Deployment Strategy
Designs deployment strategies that minimize risk and downtime, selecting appropriate patterns (blue-green, canary, rolling), feature flag architectures, and progressive delivery pipelines.
Guiding Principle
"The best deployment is one your users never notice. The best rollback is one that happens before users are affected."
Procedure
Step 1 — Assess Deployment Requirements
- Determine the zero-downtime requirement: hard zero (financial), soft zero (minor blip acceptable), or maintenance window.
- Inventory the deployment targets: containers, serverless, VMs, edge, mobile.
- Map database migration coupling: can the old code run against the new schema? (expand-contract compatibility).
- Identify the blast radius: how many users are affected if a deployment fails?
- Document the current deployment frequency and target frequency.
Step 2 — Select Deployment Pattern
- Rolling Update: Gradually replace instances; simple but limited rollback granularity.
- Blue-Green: Two identical environments; instant traffic switch; requires 2x infrastructure.
- Canary: Route a small percentage of traffic to the new version; promote or rollback based on metrics.
- Shadow (Dark Launch): Send duplicate traffic to the new version without serving its responses.
- A/B Testing Deployment: Route users to different versions based on user attributes for experimentation.
- Select the pattern based on risk tolerance, infrastructure cost, and operational maturity.
Step 3 — Feature Flag Architecture
- Design the feature flag taxonomy: release flags (temporary), ops flags (permanent), experiment flags (time-boxed).
- Select the flag management system: LaunchDarkly, Unleash, Flagsmith, or custom.
- Define flag lifecycle: creation → testing → rollout → cleanup (remove stale flags).
- Specify the evaluation context: user ID, tenant, region, percentage, custom attributes.
- Establish the flag cleanup policy: remove release flags within 2 sprints of full rollout.
Step 4 — Progressive Delivery Pipeline
- Define the promotion stages: dev → staging → canary (1%) → partial (10%) → full (100%).
- Specify automated promotion criteria: error rate < threshold, latency < SLO, no alerts.

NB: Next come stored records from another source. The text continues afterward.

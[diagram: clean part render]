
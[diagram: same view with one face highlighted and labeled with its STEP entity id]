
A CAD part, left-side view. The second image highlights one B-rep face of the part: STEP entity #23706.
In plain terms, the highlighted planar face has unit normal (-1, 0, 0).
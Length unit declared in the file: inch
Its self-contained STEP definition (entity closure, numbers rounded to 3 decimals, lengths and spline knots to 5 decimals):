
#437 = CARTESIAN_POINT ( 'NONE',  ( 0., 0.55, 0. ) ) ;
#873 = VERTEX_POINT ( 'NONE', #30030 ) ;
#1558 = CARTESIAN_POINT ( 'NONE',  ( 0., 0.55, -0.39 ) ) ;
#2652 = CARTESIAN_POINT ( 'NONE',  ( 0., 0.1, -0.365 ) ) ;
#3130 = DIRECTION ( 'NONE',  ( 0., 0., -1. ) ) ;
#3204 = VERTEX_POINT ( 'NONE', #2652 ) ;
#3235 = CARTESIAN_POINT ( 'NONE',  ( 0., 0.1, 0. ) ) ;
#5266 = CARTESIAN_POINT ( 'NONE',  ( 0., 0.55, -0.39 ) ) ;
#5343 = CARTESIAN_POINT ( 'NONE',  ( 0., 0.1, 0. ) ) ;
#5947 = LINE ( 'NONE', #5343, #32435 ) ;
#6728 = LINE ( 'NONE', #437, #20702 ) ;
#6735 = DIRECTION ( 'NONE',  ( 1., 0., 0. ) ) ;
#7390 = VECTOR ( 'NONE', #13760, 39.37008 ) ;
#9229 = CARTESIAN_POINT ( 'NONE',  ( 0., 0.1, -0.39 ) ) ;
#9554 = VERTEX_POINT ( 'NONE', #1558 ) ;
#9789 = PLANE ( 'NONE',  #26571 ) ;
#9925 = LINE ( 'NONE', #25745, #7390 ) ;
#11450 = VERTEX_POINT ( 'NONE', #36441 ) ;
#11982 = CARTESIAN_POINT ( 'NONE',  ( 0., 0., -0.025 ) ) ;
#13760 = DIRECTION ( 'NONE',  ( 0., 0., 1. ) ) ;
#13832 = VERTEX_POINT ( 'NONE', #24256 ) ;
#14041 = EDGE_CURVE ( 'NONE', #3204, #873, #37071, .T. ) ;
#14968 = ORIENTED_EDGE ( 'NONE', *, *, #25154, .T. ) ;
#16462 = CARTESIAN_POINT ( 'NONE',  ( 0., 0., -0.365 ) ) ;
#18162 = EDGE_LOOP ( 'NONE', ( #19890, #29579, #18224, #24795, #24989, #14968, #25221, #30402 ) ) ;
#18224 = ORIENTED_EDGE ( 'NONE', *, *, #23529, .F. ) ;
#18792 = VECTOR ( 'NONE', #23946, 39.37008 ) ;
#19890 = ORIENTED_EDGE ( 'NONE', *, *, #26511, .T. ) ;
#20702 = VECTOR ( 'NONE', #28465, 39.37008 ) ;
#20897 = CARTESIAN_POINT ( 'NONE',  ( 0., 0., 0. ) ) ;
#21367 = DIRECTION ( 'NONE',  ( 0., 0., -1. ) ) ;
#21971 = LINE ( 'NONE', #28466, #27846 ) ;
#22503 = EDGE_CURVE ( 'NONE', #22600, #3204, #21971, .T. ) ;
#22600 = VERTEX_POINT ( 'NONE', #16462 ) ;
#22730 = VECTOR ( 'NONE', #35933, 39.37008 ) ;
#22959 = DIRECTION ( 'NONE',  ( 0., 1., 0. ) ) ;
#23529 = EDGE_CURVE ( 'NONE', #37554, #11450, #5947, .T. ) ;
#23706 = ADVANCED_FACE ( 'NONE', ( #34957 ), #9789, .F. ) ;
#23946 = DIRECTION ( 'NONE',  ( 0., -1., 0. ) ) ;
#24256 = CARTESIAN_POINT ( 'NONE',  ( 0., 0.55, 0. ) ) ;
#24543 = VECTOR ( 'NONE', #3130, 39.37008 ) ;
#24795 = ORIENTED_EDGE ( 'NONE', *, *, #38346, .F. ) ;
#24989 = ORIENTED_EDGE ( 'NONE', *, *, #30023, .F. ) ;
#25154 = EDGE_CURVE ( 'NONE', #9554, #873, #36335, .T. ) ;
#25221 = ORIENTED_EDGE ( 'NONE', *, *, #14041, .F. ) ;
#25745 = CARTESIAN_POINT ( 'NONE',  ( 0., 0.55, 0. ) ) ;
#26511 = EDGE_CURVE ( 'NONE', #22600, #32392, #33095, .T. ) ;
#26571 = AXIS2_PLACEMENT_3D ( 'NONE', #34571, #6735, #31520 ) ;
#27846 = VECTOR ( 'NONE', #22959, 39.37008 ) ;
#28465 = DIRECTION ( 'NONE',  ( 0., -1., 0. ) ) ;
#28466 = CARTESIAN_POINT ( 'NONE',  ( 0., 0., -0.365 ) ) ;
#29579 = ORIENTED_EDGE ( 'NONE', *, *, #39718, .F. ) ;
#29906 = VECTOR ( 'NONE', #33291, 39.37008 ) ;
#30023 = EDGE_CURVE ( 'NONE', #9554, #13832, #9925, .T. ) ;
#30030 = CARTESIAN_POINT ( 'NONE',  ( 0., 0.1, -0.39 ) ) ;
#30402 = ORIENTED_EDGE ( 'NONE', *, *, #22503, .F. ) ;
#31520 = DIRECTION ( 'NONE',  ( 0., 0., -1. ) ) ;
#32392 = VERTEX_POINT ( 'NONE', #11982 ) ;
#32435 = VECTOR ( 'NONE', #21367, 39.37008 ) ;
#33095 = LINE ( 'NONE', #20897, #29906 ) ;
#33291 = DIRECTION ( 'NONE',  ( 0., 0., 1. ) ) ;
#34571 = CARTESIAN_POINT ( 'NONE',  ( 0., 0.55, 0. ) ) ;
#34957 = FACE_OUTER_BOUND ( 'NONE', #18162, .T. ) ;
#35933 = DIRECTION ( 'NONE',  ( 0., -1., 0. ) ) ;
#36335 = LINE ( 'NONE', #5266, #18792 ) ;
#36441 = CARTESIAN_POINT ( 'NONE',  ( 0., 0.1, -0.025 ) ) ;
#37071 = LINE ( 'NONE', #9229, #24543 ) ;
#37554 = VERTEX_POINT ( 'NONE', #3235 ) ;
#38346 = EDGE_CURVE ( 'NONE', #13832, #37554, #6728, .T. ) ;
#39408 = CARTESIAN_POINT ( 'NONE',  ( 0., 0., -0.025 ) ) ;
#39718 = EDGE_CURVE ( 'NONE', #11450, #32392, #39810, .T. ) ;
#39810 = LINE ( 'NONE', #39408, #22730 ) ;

- Define automated rollback triggers: error rate spike, latency degradation, manual abort.
- Integrate with observability: deployment markers on dashboards, automated metric comparison.
- Document the manual override procedure for emergency rollbacks.
Quality Criteria
- Every deployment has an automated rollback trigger based on observability metrics.
- Database migrations are backward-compatible (expand-contract) to support rollback without data loss.
- Feature flags have documented owners and a cleanup schedule to prevent flag debt.
- Canary deployments compare metrics against a baseline, not just absolute thresholds.
Anti-Patterns
- Deploying database migrations that break the previous application version ("locked step" deployments).
- Feature flags without cleanup policy, accumulating hundreds of stale flags ("flag debt").
- Canary deployments without automated metric comparison ("canary theater" — deploy and hope).
- Skipping staging environment because "it works locally" or "we have good tests."